# To Oman by car with Dubai plates and Oman visa. Possible?



## Rudy_Stevik (May 9, 2015)

Hi all!
I tried to find an answer for my question in internet, but no results..
I registered here, hope somebody will clarify my situation.
Since 2013 I've been living in Dubai, have a residence visa here.
My current employer is involved in huge project in Oman, and I as a Project Manager have to go there weekly. For this reason I've received Oman residence too. I'd prefer to go there time by time by my car which is registered in Dubai. 
Is it allowed to that, considering the fact that I have Oman residence? I know that no any restriction if I had only UAE residence. 
thanks in advance for your help


----------



## geekgirl_5 (Sep 19, 2013)

I don't think it'll be a problem, I know a lot of people who live in Buraimi in Oman and work in Al Ain in UAE who commute daily.


----------



## Rudy_Stevik (May 9, 2015)

Vacanegro said:


> It is not allowed if your car is leased and most insurance companies will not cover you in Oman. You could call the insurance company and they may sell you a rider for Oman but having said that it is very easy to do. I have driven over 3 X with my rental car. Oman is a pretty easy place to drive.

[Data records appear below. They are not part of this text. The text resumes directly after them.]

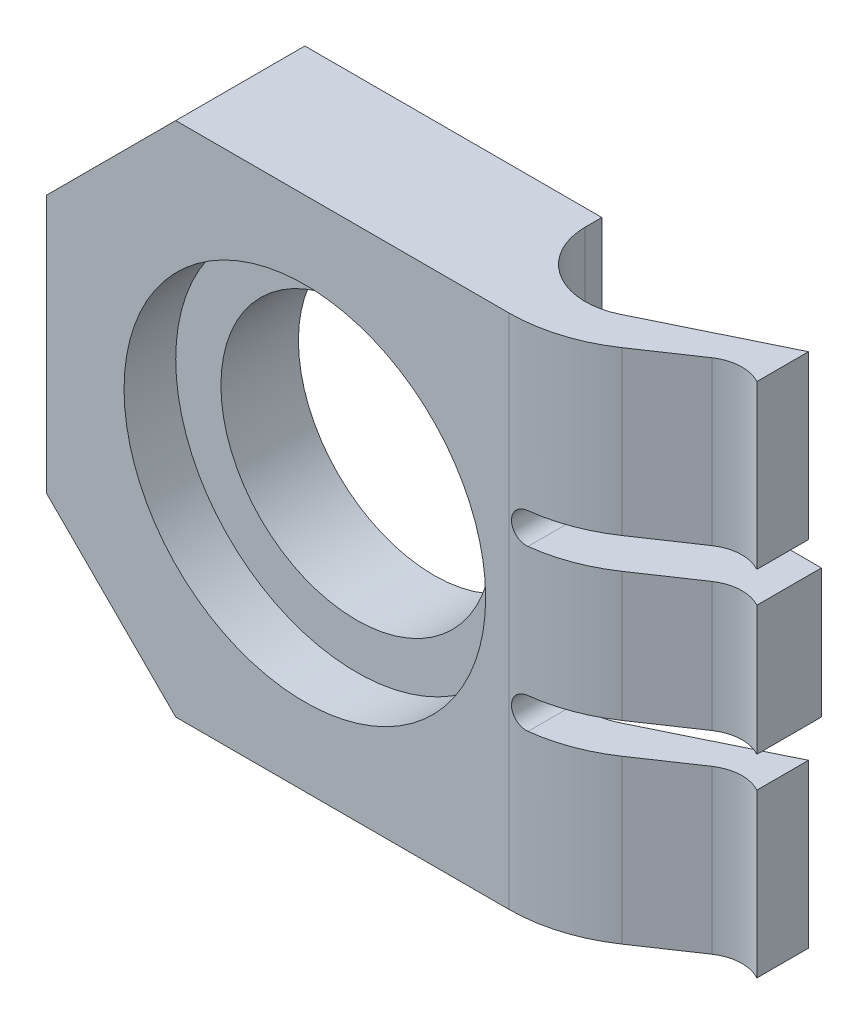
ISO-10303-21;
HEADER;
FILE_DESCRIPTION(('STEP AP214'),'2;1');
FILE_NAME('part.step','',(''),(''),'','','');
FILE_SCHEMA(('AUTOMOTIVE_DESIGN { 1 0 10303 214 1 1 1 1 }'));
ENDSEC;
DATA;
#1=APPLICATION_CONTEXT('core data for automotive mechanical design processes');
#2=APPLICATION_PROTOCOL_DEFINITION('international standard','automotive_design',2000,#1);
#3=PRODUCT_CONTEXT('',#1,'mechanical');
#4=PRODUCT('Part','Part','',(#3));
#5=PRODUCT_RELATED_PRODUCT_CATEGORY('part','',(#4));
#6=PRODUCT_DEFINITION_FORMATION('','',#4);
#7=PRODUCT_DEFINITION_CONTEXT('part definition',#1,'design');
#8=PRODUCT_DEFINITION('design','',#6,#7);
#9=PRODUCT_DEFINITION_SHAPE('','',#8);
#10=(LENGTH_UNIT() NAMED_UNIT(*) SI_UNIT(.MILLI.,.METRE.));
#11=(NAMED_UNIT(*) PLANE_ANGLE_UNIT() SI_UNIT($,.RADIAN.));
#12=(NAMED_UNIT(*) SI_UNIT($,.STERADIAN.) SOLID_ANGLE_UNIT());
#13=UNCERTAINTY_MEASURE_WITH_UNIT(LENGTH_MEASURE(1.E-05),#10,'distance_accuracy_value','');
#14=(GEOMETRIC_REPRESENTATION_CONTEXT(3) GLOBAL_UNCERTAINTY_ASSIGNED_CONTEXT((#13)) GLOBAL_UNIT_ASSIGNED_CONTEXT((#10,
#11,#12)) REPRESENTATION_CONTEXT('',''));
#15=CARTESIAN_POINT('',(0.,0.,0.));
#16=DIRECTION('',(0.,0.,1.));
#17=DIRECTION('',(1.,0.,0.));
#18=AXIS2_PLACEMENT_3D('',#15,#16,#17);
#19=CARTESIAN_POINT('',(14.2254033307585,-10.,3.9));
#20=DIRECTION('',(0.,1.,0.));
#21=DIRECTION('',(0.,0.,-1.));
#22=AXIS2_PLACEMENT_3D('',#19,#20,#21);
#23=CYLINDRICAL_SURFACE('',#22,1.6);
#24=CARTESIAN_POINT('',(14.2254033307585,-10.,3.9));
#25=DIRECTION('',(0.,1.,0.));
#26=DIRECTION('',(0.,0.,-1.));
#27=AXIS2_PLACEMENT_3D('',#24,#25,#26);
#28=CIRCLE('',#27,1.6);
#29=CARTESIAN_POINT('',(15.,-10.,2.5));
#30=VERTEX_POINT('',#29);
#31=CARTESIAN_POINT('',(13.3306946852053,-10.,2.57353988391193));
#32=VERTEX_POINT('',#31);
#33=EDGE_CURVE('E17',#30,#32,#28,.T.);
#34=ORIENTED_EDGE('',*,*,#33,.F.);
#35=DIRECTION('',(0.,-1.,0.));
#36=VECTOR('',#35,1.);
#37=CARTESIAN_POINT('',(15.,10.,2.5));
#38=LINE('',#37,#36);
#39=CARTESIAN_POINT('',(15.,-3.7,2.5));
#40=VERTEX_POINT('',#39);
#41=EDGE_CURVE('E322',#30,#40,#38,.F.);
#42=ORIENTED_EDGE('',*,*,#41,.T.);
#43=CARTESIAN_POINT('',(14.2254033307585,-3.7,3.9));
#44=DIRECTION('',(0.,1.,0.));
#45=DIRECTION('',(0.,0.,-1.));
#46=AXIS2_PLACEMENT_3D('',#43,#44,#45);
#47=CIRCLE('',#46,1.6);
#48=CARTESIAN_POINT('',(13.3306946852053,-3.7,2.57353988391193));
#49=VERTEX_POINT('',#48);
#50=EDGE_CURVE('E611',#40,#49,#47,.T.);
#51=ORIENTED_EDGE('',*,*,#50,.T.);
#52=DIRECTION('',(0.,-1.,0.));
#53=VECTOR('',#52,1.);
#54=CARTESIAN_POINT('',(13.3306946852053,-10.,2.57353988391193));
#55=LINE('',#54,#53);
#56=EDGE_CURVE('E325',#49,#32,#55,.T.);
#57=ORIENTED_EDGE('',*,*,#56,.T.);
#58=EDGE_LOOP('',(#34,#42,#51,#57));
#59=FACE_BOUND('',#58,.T.);
#60=ADVANCED_FACE('F14',(#59),#23,.F.);
#61=CARTESIAN_POINT('',(14.2254033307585,-10.,3.9));
#62=DIRECTION('',(0.,1.,0.));
#63=DIRECTION('',(0.,0.,-1.));
#64=AXIS2_PLACEMENT_3D('',#61,#62,#63);
#65=CYLINDRICAL_SURFACE('',#64,1.6);
#66=DIRECTION('',(0.,-1.,0.));
#67=VECTOR('',#66,1.);
#68=CARTESIAN_POINT('',(13.3306946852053,-10.,2.57353988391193));
#69=LINE('',#68,#67);
#70=CARTESIAN_POINT('',(13.3306946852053,10.,2.57353988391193));
#71=VERTEX_POINT('',#70);
#72=CARTESIAN_POINT('',(13.3306946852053,3.7,2.57353988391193));
#73=VERTEX_POINT('',#72);
#74=EDGE_CURVE('E271',#71,#73,#69,.T.);
#75=ORIENTED_EDGE('',*,*,#74,.T.);
#76=CARTESIAN_POINT('',(14.2254033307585,3.7,3.9));
#77=DIRECTION('',(0.,1.,0.));
#78=DIRECTION('',(0.,0.,-1.));
#79=AXIS2_PLACEMENT_3D('',#76,#77,#78);
#80=CIRCLE('',#79,1.6);
#81=CARTESIAN_POINT('',(15.,3.7,2.5));
#82=VERTEX_POINT('',#81);
#83=EDGE_CURVE('E471',#73,#82,#80,.F.);
#84=ORIENTED_EDGE('',*,*,#83,.T.);
#85=DIRECTION('',(0.,-1.,0.));
#86=VECTOR('',#85,1.);
#87=CARTESIAN_POINT('',(15.,10.,2.5));
#88=LINE('',#87,#86);
#89=CARTESIAN_POINT('',(15.,10.,2.5));
#90=VERTEX_POINT('',#89);
#91=EDGE_CURVE('E275',#82,#90,#88,.F.);
#92=ORIENTED_EDGE('',*,*,#91,.T.);
#93=CARTESIAN_POINT('',(14.2254033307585,10.,3.9));
#94=DIRECTION('',(0.,1.,0.));
#95=DIRECTION('',(0.,0.,-1.));
#96=AXIS2_PLACEMENT_3D('',#93,#94,#95);
#97=CIRCLE('',#96,1.6);
#98=EDGE_CURVE('E614',#71,#90,#97,.F.);
#99=ORIENTED_EDGE('',*,*,#98,.F.);
#100=EDGE_LOOP('',(#75,#84,#92,#99));
#101=FACE_BOUND('',#100,.T.);
#102=ADVANCED_FACE('F647',(#101),#65,.F.);
#103=CARTESIAN_POINT('',(15.,-3.7,0.));
#104=DIRECTION('',(0.,-1.,0.));
#105=DIRECTION('',(0.,0.,1.));
#106=AXIS2_PLACEMENT_3D('',#103,#104,#105);
#107=PLANE('',#106);
#108=CARTESIAN_POINT('',(9.,-3.7,0.644890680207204));
#109=DIRECTION('',(0.,-1.,0.));
#110=DIRECTION('',(0.,0.,1.));
#111=AXIS2_PLACEMENT_3D('',#108,#109,#110);
#112=CIRCLE('',#111,2.5);
#113=CARTESIAN_POINT('',(10.0959278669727,-3.7,2.89187579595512));
#114=VERTEX_POINT('',#113);
#115=CARTESIAN_POINT('',(8.6,-3.7,3.11268321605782));
#116=VERTEX_POINT('',#115);
#117=EDGE_CURVE('E382',#114,#116,#112,.T.);
#118=ORIENTED_EDGE('',*,*,#117,.T.);
#119=DIRECTION('',(0.,0.,-1.));
#120=VECTOR('',#119,1.);
#121=CARTESIAN_POINT('',(8.6,-3.7,0.));
#122=LINE('',#121,#120);
#123=CARTESIAN_POINT('',(8.6,-3.7,4.95890162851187));
#124=VERTEX_POINT('',#123);
#125=EDGE_CURVE('E203',#116,#124,#122,.F.);
#126=ORIENTED_EDGE('',*,*,#125,.T.);
#127=CARTESIAN_POINT('',(7.89893553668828,-3.7,-1.));
#128=DIRECTION('',(0.,1.,0.));
#129=DIRECTION('',(0.,0.,-1.));
#130=AXIS2_PLACEMENT_3D('',#127,#128,#129);
#131=CIRCLE('',#130,6.);
#132=CARTESIAN_POINT('',(11.2540929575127,-3.7,3.97422543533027));
#133=VERTEX_POINT('',#132);
#134=EDGE_CURVE('E332',#133,#124,#131,.F.);
#135=ORIENTED_EDGE('',*,*,#134,.F.);
#136=DIRECTION('',(0.829037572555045,0.,-0.559192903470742));
#137=VECTOR('',#136,1.);
#138=CARTESIAN_POINT('',(7.07979483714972,-3.7,6.78982506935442));
#139=LINE('',#138,#137);
#140=EDGE_CURVE('E328',#133,#49,#139,.T.);
#141=ORIENTED_EDGE('',*,*,#140,.T.);
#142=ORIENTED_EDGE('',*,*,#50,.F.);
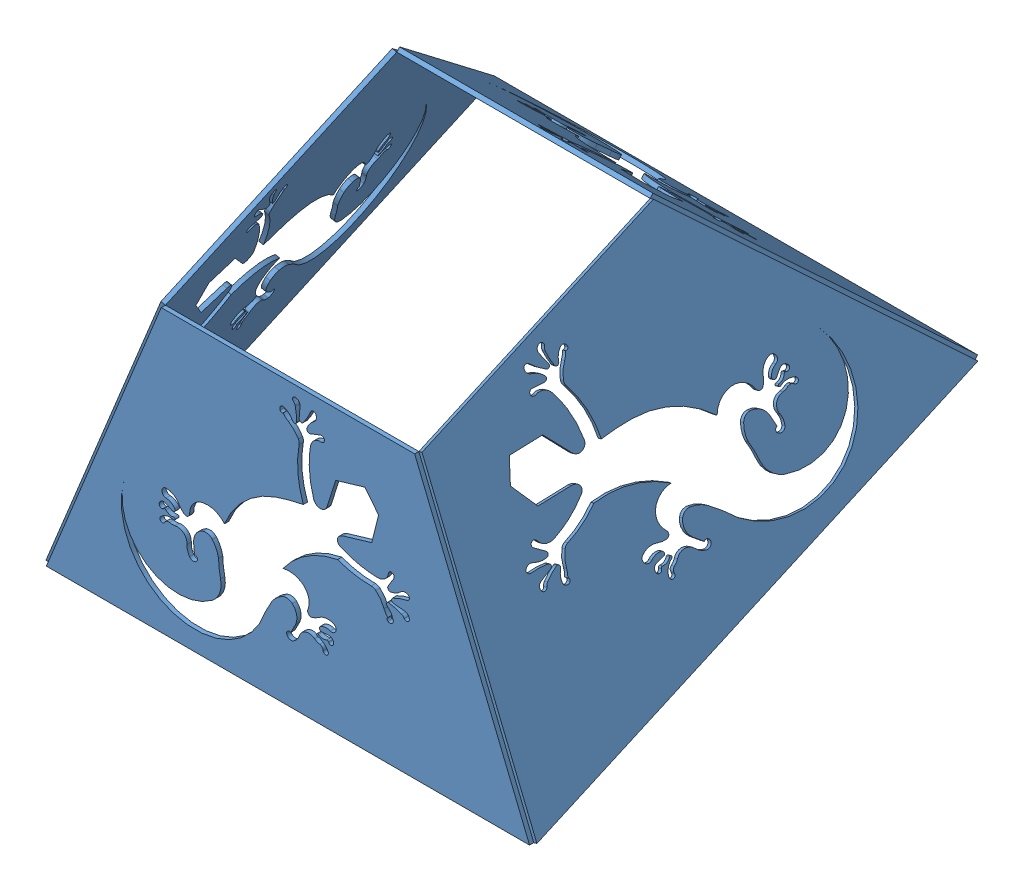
SolidWorks assembly tier3SLDASM.SLDASM, configuration Default (file format 8000). Lengths in mm.
Overall size (740.82 653.97 829.22).
4 component instances, 1 part files, 7 mates.
Components (placement in the parent):
- Base-3-tier-1: Base-3-tier.SLDPRT [Default] at (513.7761 -477.851 1015.4516) size (729.23 424.61 6.35)
- Base-3-tier-2: Base-3-tier.SLDPRT [Default] at (513.7761 178.619 -445.4892) x (1 0 0) z (0 -0.745566 0.666432) size (729.23 424.61 6.35)
- Base-3-tier-3: Base-3-tier.SLDPRT [Default] at (1278.6348 -165.4887 323.6336) x (0 -0.408392 0.912807) z (-0.912807 -0.372783 -0.166784) size (729.23 424.61 6.35)
- Base-3-tier-4: Base-3-tier.SLDPRT [Default] at (-323.0188 -167.8559 322.5746) x (0 -0.408392 0.912807) z (-0.912807 0.372783 0.166784) size (729.23 424.61 6.35)
Mates (geometry in assembly coordinates):
- Coincident1: coincident aligned: line of Base-3-tier-1 through (110.297 583.1777 1015.4516) axis (0.378079 0.925773 0); line of Base-3-tier-4 through (110.297 583.1777 1015.4516) axis (0.378079 0.925773 0)
- Coincident2: coincident: point of Base-3-tier-1; point of Base-3-tier-4
- Coincident3: coincident aligned: line of Base-3-tier-2 through (110.297 880.9877 349.8097) axis (0.378079 0.616965 0.690225); line of Base-3-tier-4 through (110.297 880.9877 349.8097) axis (0.378079 0.616965 0.690225)
- Coincident4: coincident: point of Base-3-tier-2; point of Base-3-tier-4
- Coincident5: coincident aligned: line of Base-3-tier-2 through (839.5226 880.9877 349.8097) axis (-0.378079 0.616965 0.690225); line of Base-3-tier-3 through (839.5226 880.9877 349.8097) axis (-0.378079 0.616965 0.690225)
- Coincident6: coincident aligned: line of Base-3-tier-1 through (839.5226 583.1777 1015.4516) axis (-0.378079 0.925773 0); line of Base-3-tier-3 through (839.5226 583.1777 1015.4516) axis (-0.378079 0.925773 0)
- Perpendicular1: perpendicular: line of Base-3-tier-1 through (110.297 583.1777 1015.4516) axis (1 0 0); line of Base-3-tier-3 through (839.5226 880.9877 349.8097) axis (0 -0.408392 0.912807)

My car is not leased, and, as i remember, my insurance covers Oman too. Will check after returning, as I'm in Oman mow and car in Dubai.
Regularly see in our camp here a couple of cars with Dubai plates, but cannot catch a drivers and ask 'em, if they have Oman visas too, or only UAE. I know, it's allowed to come to Oman as a tourist, if you have a UAE visa. Perhaps, they do that, unless they received Oman residences.


----------



## twowheelsgood (Feb 21, 2013)

Buy insurance at the border if you;re stuck on a given day - I always get a permission letter from my Lease company, and then when we get to the queue for access to Oman, Mr TWG gets in the queue while I arrange a weekend insurance deal at the window next door.

By the time the insurance is done, she is at the front of the queue (usually) and we get in easy peasy.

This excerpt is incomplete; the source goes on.